- _Data records_
►
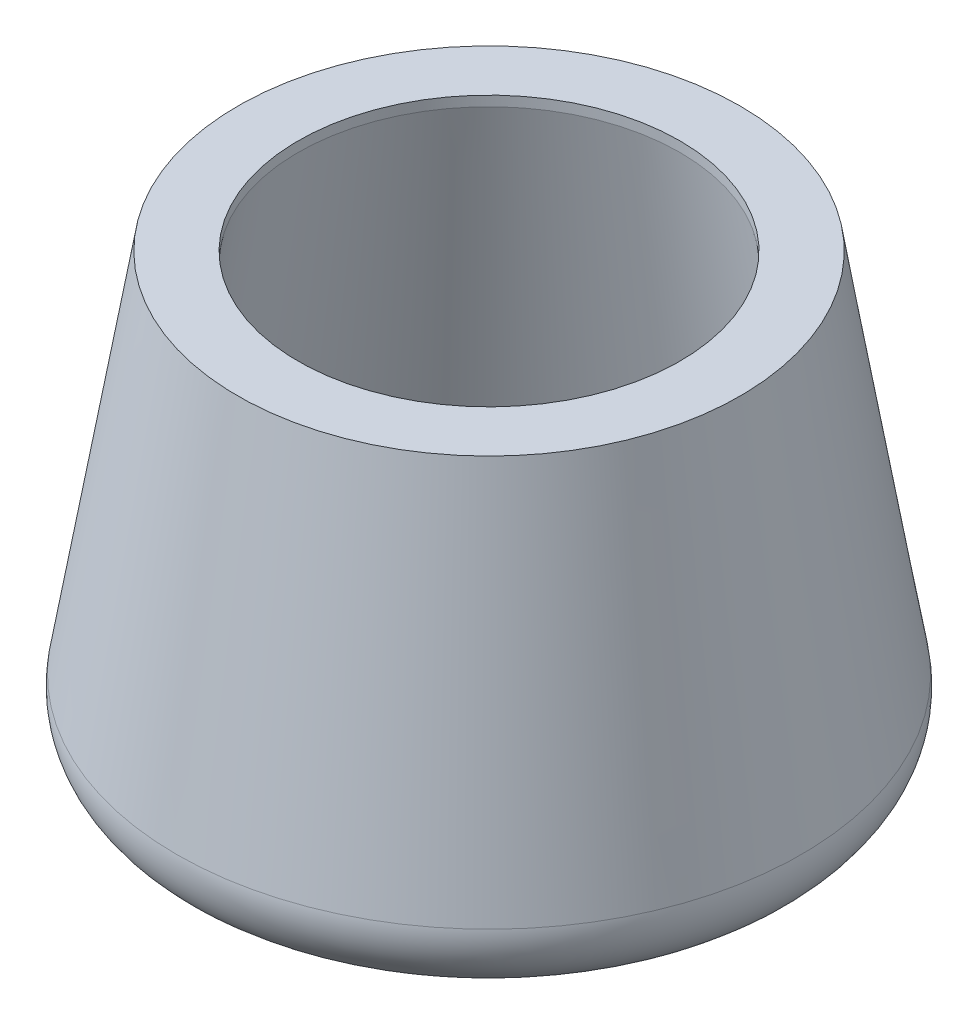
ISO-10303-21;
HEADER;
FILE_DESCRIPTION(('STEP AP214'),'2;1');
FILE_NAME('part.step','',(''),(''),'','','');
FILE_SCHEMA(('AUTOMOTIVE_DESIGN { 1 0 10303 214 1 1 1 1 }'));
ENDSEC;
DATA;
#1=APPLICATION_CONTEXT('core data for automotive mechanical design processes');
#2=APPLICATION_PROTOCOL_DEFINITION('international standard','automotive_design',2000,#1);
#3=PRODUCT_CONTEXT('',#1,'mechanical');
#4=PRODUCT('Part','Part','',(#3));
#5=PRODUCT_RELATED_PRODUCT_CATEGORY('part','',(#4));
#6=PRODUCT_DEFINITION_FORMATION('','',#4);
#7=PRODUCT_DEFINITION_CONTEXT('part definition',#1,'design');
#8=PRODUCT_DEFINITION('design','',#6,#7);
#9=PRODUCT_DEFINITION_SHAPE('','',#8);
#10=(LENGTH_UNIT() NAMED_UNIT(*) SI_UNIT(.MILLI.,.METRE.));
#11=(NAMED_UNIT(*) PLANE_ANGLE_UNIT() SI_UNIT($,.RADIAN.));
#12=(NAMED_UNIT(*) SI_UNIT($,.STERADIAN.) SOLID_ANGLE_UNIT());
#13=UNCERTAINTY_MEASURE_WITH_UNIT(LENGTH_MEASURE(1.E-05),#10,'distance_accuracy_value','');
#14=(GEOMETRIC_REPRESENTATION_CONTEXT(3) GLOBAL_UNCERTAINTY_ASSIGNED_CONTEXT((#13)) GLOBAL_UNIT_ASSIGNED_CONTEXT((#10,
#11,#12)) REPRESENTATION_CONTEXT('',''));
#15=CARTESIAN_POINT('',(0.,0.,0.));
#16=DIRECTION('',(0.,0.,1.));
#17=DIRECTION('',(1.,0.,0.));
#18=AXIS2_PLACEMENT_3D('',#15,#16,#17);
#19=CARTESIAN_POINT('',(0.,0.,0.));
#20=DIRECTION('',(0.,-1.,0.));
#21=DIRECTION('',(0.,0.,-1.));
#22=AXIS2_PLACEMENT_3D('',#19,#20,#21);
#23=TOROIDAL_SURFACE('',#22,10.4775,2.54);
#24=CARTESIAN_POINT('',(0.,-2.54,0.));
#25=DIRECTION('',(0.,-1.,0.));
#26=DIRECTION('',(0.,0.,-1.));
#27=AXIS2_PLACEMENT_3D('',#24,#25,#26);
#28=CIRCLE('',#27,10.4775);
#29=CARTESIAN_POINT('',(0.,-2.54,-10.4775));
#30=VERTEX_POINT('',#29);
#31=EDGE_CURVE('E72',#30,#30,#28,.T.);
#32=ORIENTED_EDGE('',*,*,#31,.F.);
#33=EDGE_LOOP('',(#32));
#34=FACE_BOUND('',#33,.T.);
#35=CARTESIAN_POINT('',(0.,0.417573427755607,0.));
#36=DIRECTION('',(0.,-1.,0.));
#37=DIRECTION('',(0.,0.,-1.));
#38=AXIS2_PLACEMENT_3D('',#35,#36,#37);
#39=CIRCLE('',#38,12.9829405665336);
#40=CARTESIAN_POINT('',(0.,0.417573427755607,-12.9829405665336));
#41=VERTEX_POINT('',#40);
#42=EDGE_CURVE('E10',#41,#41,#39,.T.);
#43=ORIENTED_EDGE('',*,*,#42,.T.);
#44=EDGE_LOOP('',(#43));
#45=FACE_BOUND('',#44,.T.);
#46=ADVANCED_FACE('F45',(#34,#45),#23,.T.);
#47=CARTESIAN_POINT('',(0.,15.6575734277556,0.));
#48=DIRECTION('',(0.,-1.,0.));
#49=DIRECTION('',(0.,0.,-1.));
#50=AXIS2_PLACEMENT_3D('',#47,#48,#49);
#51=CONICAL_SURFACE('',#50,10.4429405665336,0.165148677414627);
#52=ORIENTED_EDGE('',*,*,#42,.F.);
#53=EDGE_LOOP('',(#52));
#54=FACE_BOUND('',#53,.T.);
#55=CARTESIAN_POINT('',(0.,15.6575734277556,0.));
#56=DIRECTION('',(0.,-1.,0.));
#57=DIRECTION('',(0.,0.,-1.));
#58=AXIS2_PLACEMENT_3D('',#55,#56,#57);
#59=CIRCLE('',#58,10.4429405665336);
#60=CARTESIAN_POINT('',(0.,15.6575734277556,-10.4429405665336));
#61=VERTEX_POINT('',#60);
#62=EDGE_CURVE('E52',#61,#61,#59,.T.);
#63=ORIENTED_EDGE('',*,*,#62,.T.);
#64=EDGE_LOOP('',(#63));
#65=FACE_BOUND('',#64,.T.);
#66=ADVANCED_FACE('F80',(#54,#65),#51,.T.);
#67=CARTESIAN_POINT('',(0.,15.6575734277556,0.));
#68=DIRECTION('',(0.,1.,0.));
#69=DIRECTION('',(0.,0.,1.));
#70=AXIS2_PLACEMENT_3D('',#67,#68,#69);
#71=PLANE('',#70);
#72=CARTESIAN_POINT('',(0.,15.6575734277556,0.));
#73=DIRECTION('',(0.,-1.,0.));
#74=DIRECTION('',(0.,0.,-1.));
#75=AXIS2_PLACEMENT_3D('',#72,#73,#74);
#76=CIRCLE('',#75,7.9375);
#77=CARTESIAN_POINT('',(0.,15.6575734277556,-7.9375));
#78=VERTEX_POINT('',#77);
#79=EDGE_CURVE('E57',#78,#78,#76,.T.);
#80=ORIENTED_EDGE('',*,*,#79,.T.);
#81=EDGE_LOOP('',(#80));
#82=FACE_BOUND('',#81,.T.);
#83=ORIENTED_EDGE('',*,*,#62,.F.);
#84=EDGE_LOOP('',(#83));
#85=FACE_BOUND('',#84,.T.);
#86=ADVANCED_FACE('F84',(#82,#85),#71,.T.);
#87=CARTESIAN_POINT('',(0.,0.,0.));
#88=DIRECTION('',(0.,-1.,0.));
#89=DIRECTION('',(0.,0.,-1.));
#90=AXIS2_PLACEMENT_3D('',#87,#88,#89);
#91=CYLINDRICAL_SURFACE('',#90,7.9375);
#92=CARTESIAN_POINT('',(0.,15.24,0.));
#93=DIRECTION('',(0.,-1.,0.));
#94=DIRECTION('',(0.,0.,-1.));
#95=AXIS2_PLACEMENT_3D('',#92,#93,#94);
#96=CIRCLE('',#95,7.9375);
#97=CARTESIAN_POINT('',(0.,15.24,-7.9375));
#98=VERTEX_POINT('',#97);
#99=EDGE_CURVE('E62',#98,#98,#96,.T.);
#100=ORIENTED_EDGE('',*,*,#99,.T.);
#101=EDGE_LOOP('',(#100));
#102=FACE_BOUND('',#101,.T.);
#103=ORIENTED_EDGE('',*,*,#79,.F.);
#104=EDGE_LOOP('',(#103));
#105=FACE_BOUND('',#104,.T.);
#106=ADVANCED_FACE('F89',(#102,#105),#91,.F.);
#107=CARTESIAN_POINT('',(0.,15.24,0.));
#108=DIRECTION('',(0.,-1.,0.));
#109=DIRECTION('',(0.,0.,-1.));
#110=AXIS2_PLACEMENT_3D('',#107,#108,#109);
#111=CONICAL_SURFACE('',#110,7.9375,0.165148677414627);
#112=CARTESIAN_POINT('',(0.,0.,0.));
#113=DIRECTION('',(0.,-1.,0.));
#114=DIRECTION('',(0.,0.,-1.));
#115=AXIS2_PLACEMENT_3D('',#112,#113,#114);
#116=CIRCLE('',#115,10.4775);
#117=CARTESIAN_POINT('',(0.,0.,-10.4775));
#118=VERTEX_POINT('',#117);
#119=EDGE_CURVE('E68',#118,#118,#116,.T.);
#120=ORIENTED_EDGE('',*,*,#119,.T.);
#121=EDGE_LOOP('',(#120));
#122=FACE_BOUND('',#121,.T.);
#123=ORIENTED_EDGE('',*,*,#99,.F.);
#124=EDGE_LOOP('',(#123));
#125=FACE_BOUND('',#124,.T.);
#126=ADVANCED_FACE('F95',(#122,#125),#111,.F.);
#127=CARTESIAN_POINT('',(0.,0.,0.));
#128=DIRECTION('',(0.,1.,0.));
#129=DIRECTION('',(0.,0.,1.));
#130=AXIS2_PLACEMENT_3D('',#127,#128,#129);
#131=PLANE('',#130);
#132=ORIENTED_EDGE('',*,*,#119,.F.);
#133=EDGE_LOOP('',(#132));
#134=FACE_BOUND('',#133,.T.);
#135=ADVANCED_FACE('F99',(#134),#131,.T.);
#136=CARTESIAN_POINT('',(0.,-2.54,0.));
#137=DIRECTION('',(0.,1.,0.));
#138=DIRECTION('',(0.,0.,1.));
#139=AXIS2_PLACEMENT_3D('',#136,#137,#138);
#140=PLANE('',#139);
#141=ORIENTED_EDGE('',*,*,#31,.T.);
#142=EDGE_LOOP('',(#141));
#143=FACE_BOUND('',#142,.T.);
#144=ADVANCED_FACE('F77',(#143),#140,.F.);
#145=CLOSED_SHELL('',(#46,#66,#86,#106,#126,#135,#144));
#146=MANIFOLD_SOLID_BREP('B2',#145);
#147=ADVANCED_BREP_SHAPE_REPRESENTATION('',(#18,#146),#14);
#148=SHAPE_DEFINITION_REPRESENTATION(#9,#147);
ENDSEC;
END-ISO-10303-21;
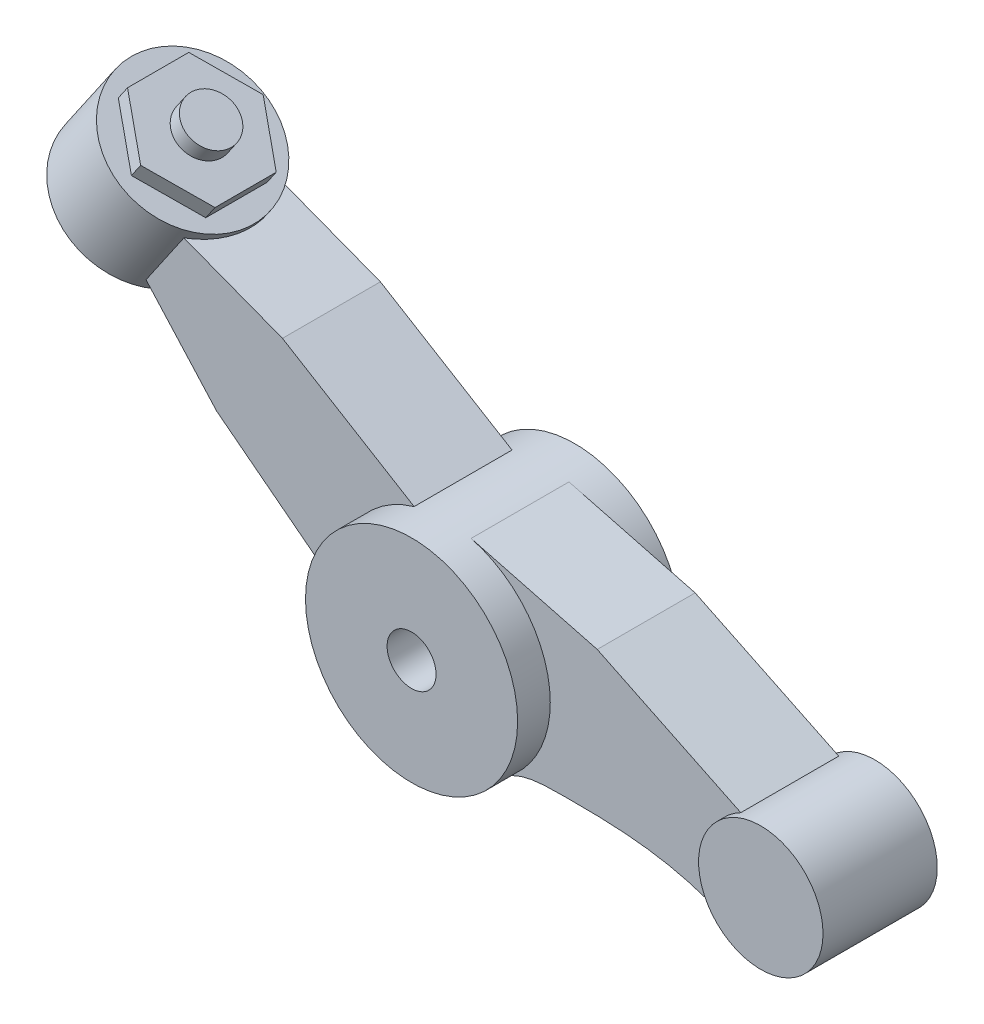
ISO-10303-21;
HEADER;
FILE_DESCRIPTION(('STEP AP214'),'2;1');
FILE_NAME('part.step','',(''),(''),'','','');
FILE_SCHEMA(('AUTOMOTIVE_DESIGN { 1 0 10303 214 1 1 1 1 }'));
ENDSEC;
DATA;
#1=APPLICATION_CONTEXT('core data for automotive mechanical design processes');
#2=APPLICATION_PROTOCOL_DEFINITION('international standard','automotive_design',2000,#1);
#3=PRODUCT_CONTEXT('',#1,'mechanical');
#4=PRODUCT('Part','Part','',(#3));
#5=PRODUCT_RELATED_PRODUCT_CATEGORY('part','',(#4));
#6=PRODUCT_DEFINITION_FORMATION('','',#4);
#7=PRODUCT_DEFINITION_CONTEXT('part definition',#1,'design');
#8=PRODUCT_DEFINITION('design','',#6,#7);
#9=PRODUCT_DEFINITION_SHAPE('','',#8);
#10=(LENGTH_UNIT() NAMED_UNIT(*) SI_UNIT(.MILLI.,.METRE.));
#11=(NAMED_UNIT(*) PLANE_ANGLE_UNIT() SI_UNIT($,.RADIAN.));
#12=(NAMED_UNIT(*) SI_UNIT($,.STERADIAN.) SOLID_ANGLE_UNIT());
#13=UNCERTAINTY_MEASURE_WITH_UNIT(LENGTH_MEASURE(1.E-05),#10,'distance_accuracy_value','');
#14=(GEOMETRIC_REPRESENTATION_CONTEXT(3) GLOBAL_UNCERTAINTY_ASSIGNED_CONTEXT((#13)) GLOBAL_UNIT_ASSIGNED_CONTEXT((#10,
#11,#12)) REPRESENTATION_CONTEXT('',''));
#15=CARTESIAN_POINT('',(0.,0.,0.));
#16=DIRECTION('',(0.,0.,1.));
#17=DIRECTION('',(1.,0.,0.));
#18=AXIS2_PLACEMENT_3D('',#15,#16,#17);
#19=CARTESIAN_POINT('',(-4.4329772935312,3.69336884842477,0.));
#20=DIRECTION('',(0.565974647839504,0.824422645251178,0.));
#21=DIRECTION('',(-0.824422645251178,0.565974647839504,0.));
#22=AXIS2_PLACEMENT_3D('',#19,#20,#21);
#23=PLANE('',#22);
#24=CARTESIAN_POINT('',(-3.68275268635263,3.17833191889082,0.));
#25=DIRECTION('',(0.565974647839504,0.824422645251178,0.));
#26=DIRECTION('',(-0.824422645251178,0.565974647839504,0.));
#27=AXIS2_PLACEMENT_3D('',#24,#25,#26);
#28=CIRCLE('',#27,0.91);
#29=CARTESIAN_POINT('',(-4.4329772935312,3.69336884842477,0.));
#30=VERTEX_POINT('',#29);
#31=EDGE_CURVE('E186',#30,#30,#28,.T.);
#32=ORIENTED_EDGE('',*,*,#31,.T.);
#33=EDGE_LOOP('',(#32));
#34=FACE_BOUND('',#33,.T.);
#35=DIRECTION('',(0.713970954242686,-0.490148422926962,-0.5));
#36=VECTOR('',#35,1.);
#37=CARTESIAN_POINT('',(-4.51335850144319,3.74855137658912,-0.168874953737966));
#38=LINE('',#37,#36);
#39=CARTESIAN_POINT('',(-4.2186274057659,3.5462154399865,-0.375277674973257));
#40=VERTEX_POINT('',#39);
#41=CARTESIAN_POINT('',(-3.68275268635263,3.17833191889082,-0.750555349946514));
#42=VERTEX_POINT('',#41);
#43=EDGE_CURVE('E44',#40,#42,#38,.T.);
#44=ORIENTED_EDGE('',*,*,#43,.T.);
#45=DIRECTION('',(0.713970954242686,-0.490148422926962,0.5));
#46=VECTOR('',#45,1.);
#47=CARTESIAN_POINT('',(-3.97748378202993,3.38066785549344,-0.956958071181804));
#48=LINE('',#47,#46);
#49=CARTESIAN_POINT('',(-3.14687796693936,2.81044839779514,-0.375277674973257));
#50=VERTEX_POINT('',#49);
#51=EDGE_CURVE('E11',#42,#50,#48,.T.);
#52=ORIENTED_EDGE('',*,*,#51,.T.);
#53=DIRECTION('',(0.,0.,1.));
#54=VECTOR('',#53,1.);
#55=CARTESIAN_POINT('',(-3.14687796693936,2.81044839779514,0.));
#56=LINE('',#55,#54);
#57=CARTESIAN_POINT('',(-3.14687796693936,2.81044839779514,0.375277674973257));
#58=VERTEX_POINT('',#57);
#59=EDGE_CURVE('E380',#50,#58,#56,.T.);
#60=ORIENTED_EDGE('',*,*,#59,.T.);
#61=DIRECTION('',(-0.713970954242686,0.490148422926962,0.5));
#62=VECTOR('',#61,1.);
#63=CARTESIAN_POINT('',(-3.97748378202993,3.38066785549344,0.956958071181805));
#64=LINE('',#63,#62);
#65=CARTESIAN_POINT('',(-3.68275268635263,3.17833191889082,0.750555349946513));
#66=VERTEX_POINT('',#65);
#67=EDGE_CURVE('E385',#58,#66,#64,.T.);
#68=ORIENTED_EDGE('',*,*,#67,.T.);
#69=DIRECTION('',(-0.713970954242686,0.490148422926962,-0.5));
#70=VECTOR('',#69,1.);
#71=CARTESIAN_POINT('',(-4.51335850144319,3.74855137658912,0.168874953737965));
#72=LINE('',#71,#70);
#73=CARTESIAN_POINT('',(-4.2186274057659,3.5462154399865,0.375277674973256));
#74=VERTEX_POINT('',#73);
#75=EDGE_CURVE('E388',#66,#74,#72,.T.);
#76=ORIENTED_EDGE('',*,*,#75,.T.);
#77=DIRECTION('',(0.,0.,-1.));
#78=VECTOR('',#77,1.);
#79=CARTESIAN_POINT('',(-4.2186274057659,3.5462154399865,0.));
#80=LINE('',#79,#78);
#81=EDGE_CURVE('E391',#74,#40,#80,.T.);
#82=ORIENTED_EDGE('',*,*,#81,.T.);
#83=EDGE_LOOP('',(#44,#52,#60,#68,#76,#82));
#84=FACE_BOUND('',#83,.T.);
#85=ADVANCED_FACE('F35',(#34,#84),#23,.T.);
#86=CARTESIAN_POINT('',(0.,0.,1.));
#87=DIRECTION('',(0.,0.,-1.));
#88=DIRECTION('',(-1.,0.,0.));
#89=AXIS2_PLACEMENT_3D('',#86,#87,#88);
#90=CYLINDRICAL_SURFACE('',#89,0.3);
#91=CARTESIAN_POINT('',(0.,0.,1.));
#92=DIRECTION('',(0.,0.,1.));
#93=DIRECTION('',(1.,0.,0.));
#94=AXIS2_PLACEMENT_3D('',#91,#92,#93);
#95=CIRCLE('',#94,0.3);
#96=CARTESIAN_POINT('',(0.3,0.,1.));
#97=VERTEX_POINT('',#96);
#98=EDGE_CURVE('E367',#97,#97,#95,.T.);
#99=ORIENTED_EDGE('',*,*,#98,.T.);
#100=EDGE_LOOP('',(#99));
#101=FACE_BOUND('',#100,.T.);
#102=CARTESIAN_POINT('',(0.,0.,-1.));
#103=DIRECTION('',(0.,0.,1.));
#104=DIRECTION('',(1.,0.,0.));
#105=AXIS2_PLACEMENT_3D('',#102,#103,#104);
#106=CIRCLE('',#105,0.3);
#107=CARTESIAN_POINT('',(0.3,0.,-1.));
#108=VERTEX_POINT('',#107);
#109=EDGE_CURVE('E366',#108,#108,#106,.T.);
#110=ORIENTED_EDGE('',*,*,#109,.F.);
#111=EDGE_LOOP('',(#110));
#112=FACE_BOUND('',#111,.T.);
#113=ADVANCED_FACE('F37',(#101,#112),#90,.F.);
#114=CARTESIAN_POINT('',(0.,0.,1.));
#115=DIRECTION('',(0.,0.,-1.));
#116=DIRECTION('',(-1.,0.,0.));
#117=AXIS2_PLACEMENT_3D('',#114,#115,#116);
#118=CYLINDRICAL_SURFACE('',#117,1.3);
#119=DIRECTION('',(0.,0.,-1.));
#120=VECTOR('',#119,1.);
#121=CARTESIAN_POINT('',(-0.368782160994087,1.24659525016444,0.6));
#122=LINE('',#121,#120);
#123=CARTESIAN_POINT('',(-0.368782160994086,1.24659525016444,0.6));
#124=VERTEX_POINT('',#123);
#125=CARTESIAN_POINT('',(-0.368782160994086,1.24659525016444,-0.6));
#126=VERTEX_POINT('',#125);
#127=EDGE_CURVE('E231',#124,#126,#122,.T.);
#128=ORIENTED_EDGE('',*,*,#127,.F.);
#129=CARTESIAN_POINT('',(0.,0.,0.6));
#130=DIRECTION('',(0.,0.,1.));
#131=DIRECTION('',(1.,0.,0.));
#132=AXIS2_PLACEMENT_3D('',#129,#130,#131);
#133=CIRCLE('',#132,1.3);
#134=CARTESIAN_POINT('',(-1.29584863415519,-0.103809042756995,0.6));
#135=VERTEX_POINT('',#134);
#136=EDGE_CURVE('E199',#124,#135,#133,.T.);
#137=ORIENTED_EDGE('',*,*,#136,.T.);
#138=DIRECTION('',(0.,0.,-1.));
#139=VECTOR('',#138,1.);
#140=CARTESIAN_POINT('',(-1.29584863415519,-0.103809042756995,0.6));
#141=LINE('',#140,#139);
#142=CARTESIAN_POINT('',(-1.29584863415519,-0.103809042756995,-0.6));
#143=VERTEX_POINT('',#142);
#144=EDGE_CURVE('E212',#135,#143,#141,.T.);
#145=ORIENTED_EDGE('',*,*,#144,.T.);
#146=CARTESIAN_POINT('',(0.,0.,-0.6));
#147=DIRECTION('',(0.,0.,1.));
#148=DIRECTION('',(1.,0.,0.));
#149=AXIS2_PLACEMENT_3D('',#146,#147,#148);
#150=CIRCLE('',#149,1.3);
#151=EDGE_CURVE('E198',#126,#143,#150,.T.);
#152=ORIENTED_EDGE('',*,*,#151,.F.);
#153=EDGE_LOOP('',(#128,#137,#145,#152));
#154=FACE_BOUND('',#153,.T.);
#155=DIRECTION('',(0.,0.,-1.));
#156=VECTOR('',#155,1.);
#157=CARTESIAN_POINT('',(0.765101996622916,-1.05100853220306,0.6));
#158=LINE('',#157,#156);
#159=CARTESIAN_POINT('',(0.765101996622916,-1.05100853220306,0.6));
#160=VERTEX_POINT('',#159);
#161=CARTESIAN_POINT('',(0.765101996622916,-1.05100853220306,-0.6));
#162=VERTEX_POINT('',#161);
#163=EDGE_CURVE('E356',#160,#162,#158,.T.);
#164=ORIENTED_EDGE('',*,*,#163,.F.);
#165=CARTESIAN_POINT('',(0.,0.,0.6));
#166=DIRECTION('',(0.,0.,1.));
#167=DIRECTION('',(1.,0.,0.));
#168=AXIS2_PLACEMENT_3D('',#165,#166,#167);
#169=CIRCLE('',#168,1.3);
◄
- _Assignment_
Pictures are to be left out, and the lines from the beginning of the records through the line with "#25=DIRECTION('',(0.,-1.,0.));" are to be printed exactly, with nothing added.

- _Exercise result_
ISO-10303-21;
HEADER;
FILE_DESCRIPTION(('STEP AP214'),'2;1');
FILE_NAME('part.step','',(''),(''),'','','');
FILE_SCHEMA(('AUTOMOTIVE_DESIGN { 1 0 10303 214 1 1 1 1 }'));
ENDSEC;
DATA;
#1=APPLICATION_CONTEXT('core data for automotive mechanical design processes');
#2=APPLICATION_PROTOCOL_DEFINITION('international standard','automotive_design',2000,#1);
#3=PRODUCT_CONTEXT('',#1,'mechanical');
#4=PRODUCT('Part','Part','',(#3));
#5=PRODUCT_RELATED_PRODUCT_CATEGORY('part','',(#4));
#6=PRODUCT_DEFINITION_FORMATION('','',#4);
#7=PRODUCT_DEFINITION_CONTEXT('part definition',#1,'design');
#8=PRODUCT_DEFINITION('design','',#6,#7);
#9=PRODUCT_DEFINITION_SHAPE('','',#8);
#10=(LENGTH_UNIT() NAMED_UNIT(*) SI_UNIT(.MILLI.,.METRE.));
#11=(NAMED_UNIT(*) PLANE_ANGLE_UNIT() SI_UNIT($,.RADIAN.));
#12=(NAMED_UNIT(*) SI_UNIT($,.STERADIAN.) SOLID_ANGLE_UNIT());
#13=UNCERTAINTY_MEASURE_WITH_UNIT(LENGTH_MEASURE(1.E-05),#10,'distance_accuracy_value','');
#14=(GEOMETRIC_REPRESENTATION_CONTEXT(3) GLOBAL_UNCERTAINTY_ASSIGNED_CONTEXT((#13)) GLOBAL_UNIT_ASSIGNED_CONTEXT((#10,
#11,#12)) REPRESENTATION_CONTEXT('',''));
#15=CARTESIAN_POINT('',(0.,0.,0.));
#16=DIRECTION('',(0.,0.,1.));
#17=DIRECTION('',(1.,0.,0.));
#18=AXIS2_PLACEMENT_3D('',#15,#16,#17);
#19=CARTESIAN_POINT('',(0.,0.,0.));
#20=DIRECTION('',(0.,-1.,0.));
#21=DIRECTION('',(0.,0.,-1.));
#22=AXIS2_PLACEMENT_3D('',#19,#20,#21);
#23=TOROIDAL_SURFACE('',#22,10.4775,2.54);
#24=CARTESIAN_POINT('',(0.,-2.54,0.));
#25=DIRECTION('',(0.,-1.,0.));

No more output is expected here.